Adriano era la única alma joven que quedaba en el pueblo, a sus 30 años era el único jardinero, labor que desempeñaba desde muy joven, pues al cumplir la mayoría de edad perdió a sus padres; se refugió en las flores del parque para aliviar su tristeza y soledad. Desde pequeño había ayudado a su padre a cuidar los jardines del único parque del pueblo, el cual contrastaba significativamente con el resto del lugar, pues, a pesar de ser pequeño, abundaba en plantas de colores vivos. Cada una de estas plantas eran cuidadas con mucho esmero y dedicación.

El jardinero vivía enamorado de sus hermosas flores, especialmente de sus arbustos de buganvilias, las cuales mantenía bien cuidadas y podadas… todas excepto una trepadora, la cual se encontraba al fondo, cerca de los arcos de una fuente que decoraba el lugar. De un hermoso color violeta, parecía tener la forma de una bailarina que delicadamente posaba su espalda sobre el arco sujetándose con uno de sus brazos a este. Una de sus ramas sobresalía y daba la impresión de extenderse como un brazo intentando alcanzar algo. Era tanto su amor por el arbusto que se negaba a podarlo; sin embargo, eso nunca cambió su peculiar forma.

Cada mañana Adriano salía de su casa, lo hacía poco después de que emprendieran su marcha al campo los pobladores para evitar toparse con ellos, cruzaba las olvidadas vías de tren y llegaba a su lugar favorito. Saludaba a su buganvilia besando su mano extendida. Pasaba horas platicando con ella y podía jurar le respondía con el silbido del viento. Parecía calmar su soledad, como los adoradores de gatos que pueden entablar conversaciones más amenas con sus mascotas que con las personas… y no es que tuviera más opción, pues en el pueblo no había ningún alma en las calles que pudiera conversar con él. Bueno, casi nadie…
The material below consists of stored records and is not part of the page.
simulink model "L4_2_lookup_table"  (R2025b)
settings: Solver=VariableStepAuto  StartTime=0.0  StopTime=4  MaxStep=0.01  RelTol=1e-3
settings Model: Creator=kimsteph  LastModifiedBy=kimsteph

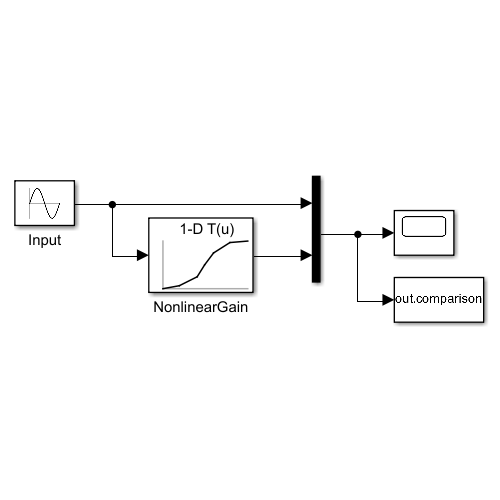
[thumbnail: Simulink's stored preview of the top-level diagram]
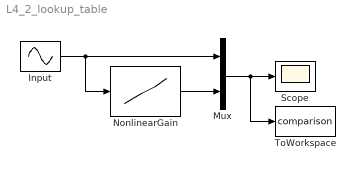
== system L4_2_lookup_table ==
  Input : Sin  Amplitude=5  Frequency=2*pi*0.5  SampleTime=0
  Mux : Mux  Inputs=2
  NonlinearGain : Lookup_n-D  NumberOfTableDimensions=1  BreakpointsForDimension1=[-5 -3 -1 0 1 3 5]  Table=[-1 -0.9 -0.5 0 0.5 0.9 1]  InternalRulePriority=Speed  RndMeth=Simplest
  Scope : Scope
  ToWorkspace : ToWorkspace  VariableName=comparison  SaveFormat=Timeseries  SampleTime=-1
  wires:
  Input/1 -> Mux/1, NonlinearGain/1
  NonlinearGain/1 -> Mux/2
  Mux/1 -> Scope/1, ToWorkspace/1
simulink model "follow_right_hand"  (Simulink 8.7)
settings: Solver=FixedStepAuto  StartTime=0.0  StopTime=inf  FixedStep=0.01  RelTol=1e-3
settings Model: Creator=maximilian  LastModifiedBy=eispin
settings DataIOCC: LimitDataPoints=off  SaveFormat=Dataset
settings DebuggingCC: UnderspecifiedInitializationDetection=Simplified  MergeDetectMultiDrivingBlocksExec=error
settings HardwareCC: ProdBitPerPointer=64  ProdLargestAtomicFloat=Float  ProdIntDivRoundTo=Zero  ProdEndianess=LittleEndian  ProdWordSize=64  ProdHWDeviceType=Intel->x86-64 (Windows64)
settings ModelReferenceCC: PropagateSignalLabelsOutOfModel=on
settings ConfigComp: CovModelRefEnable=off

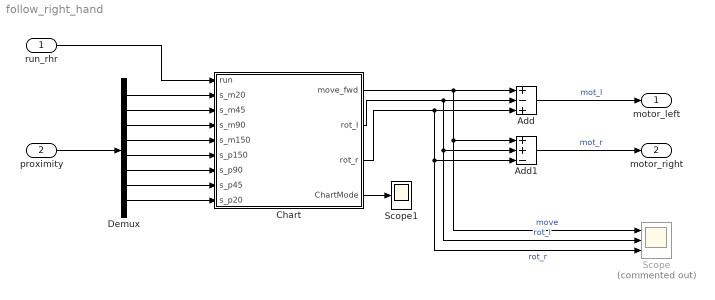
== system follow_right_hand ==
  run_rhr : Inport
  proximity : Inport  Port=2  PortDimensions=[8]
  Add : Sum  Inputs=+-+
  Add1 : Sum  Inputs=++-
  Chart : Stateflow chart  TreatAsAtomicUnit=on
  Demux : Demux  Outputs=8
  Scope : Scope  Commented=on  NumInputPorts=3
  Scope1 : Scope
  motor_left : Outport
  motor_right : Outport  Port=2
  wires:
  Demux/1 -> Chart/2(s_m20)
  Demux/2 -> Chart/3(s_m45)
  Demux/3 -> Chart/4(s_m90)
  Demux/4 -> Chart/5(s_m150)
  Demux/5 -> Chart/6(s_p150)
  Demux/6 -> Chart/7(s_p90)
  Demux/7 -> Chart/8(s_p45)
  Demux/8 -> Chart/9(s_p20)
  proximity/1 -> Demux/1
  Chart/2(rot_l) -> Scope/2, Add1/2, Add/2  "rot_l"
  Chart/3(rot_r) -> Scope/3, Add1/3, Add/3  "rot_r"
  Chart/1(move_fwd) -> Scope/1, Add1/1, Add/1  "move"
  Add1/1 -> motor_right/1  "mot_r"
  Add/1 -> motor_left/1  "mot_l"
  Chart/4(ChartMode) -> Scope1/1
  run_rhr/1 -> Chart/1(run)

== stateflow chart Chart ==
  state findWall
    entry:
    move_fwd=mv_per_sec;
    rot_l = 0;
    rot_r = 0;
  state checkWall
    % known: nothing
    entry:
    move_fwd = 0;
    rot_r = 0;
    rot_l = 0;
    [wall_p wall_rot] = find_wall([s_m150, s_m90, s_m45, s_m20, s_p20, s_p45, s_p90, s_p150]);
  state wallWaiter
  state claustrophobia
    % known: have -20, -45, -90
    entry:
    move_fwd = 0;
    rot_l = 0;
    rot_r = 0;
  state avoidCollision
    % known: have -20, -45
    entry:
    move_fwd = 0;
    rot_l = 0;
    rot_r = 0;
  state orientToWall
    % known: have -20
    entry:
    move_fwd = mv_per_sec;
    rot_r = 0;
    rot_l = 0;
  state follow
    % known: have -45, -90
    entry:
    move_fwd = mv_per_sec;
    rot_l = 0;
    rot_r = 0;
  state runClose
    % known: (should) have -45
    entry:
    move_fwd = mv_per_sec;
    rot_l = 0;
    rot_r = 0;
  note: => Move roughly sin(44 degree)*(x length unit) towards straight wall
      | => if we just drifted away, that's all we need to find the wall again
  state stayClose
    % known: have -90, NOT have -45
    entry:
    move_fwd = 0;
    rot_l = 0;
    rot_r = 0;
  state goOn
  note: => Move roughly sin(5 degree)*(4 length units) away from straight wall
  (default) -> checkWall
  checkWall -> findWall [order 4] : [wall_p == 0]
  findWall -> checkWall : [s_m45 <= sens_tol || s_m20 <= sens_tol || s_p45 <= sens_tol || s_p20 <= sens_tol]
  checkWall -> orientToWall [order 3] : [wall_p == 1 && wall_rot == 0]
  checkWall -> wallWaiter [order 2] : [wall_p == 1 && wall_rot > 0]{rot_l = 1;}
  checkWall -> wallWaiter [order 1] : [wall_p == 1 && wall_rot <= 0]{rot_r = 1; wall_rot = -wall_rot;}
  wallWaiter -> orientToWall : [after(wall_rot*(pi/180)/rot_per_sec, sec)]
  claustrophobia -> follow : [s_m20 > sens_tol && after(5*(pi/180)/rot_per_sec,sec)]
  orientToWall -> avoidCollision : [s_m45 <= sens_tol]
  avoidCollision -> claustrophobia [order 2] : [s_m90 <= sens_tol]
  avoidCollision -> orientToWall [order 1] : [s_m45 > sens_tol && after(5*(pi/180)/rot_per_sec, sec)]
  goOn -> claustrophobia [order 2] : [s_m20 <= sens_tol]
  follow -> claustrophobia [order 1] : [s_m20 <= sens_tol]
  runClose -> orientToWall [order 1] : [s_m20 <= sens_tol]
  goOn -> follow [order 3] : [s_m45 <= sens_tol]
  runClose -> stayClose [order 2] : [s_m45 > sens_tol && after(0.6/mv_per_sec, sec)]
  follow -> goOn [order 2] : [s_m45 > sens_tol]
  stayClose -> runClose : [after(44*(pi/180)/rot_per_sec, sec)]
  goOn -> stayClose [order 1] : [after(4/mv_per_sec, sec)]
  data: run input double; s_m20 input double; s_m45 input double; move_fwd output double; rot_l output double; rot_r output double; s_m90 input double; s_m150 input double; s_p150 input double; s_p90 input double; s_p45 input double; s_p20 input double; sens_tol constant double =7; rot_per_sec constant double =2/5.3; mv_per_sec constant double =2; ChartMode output Enum: ChartModeType1; wall_rot local double; wall_p local double

Amanecía nuevamente y el bucle parecía reiniciarse. Adriano cruzaba la última calle para llegar al parque y, como cada mañana, sintió la mirada de la tejedora del pueblo. Ella vivía justo en frente y solía mirarlo con su débil vista desde su ático. A pesar de ser algo rutinario, a Adriano se le seguía erizando la piel al sentirse observado; esta vez su mirada era aún más escrutadora que de costumbre, como si ella supiese sus intenciones. Trató de alejar de su mente tal pensamiento, seguro era porque había sido el único en negarse a usar los feos suéteres que ella tejía. Sin embargo, no podía evitar esos pensamientos, regresaban constantemente. Cansado de su soledad, ese día se armó de valor y se dirigió hacia la casa de la anciana pese la advertencia hecha por sus padres de nunca buscarla, ya que, según ellos, quien se acercaba a la tejedora terminaba sin alma.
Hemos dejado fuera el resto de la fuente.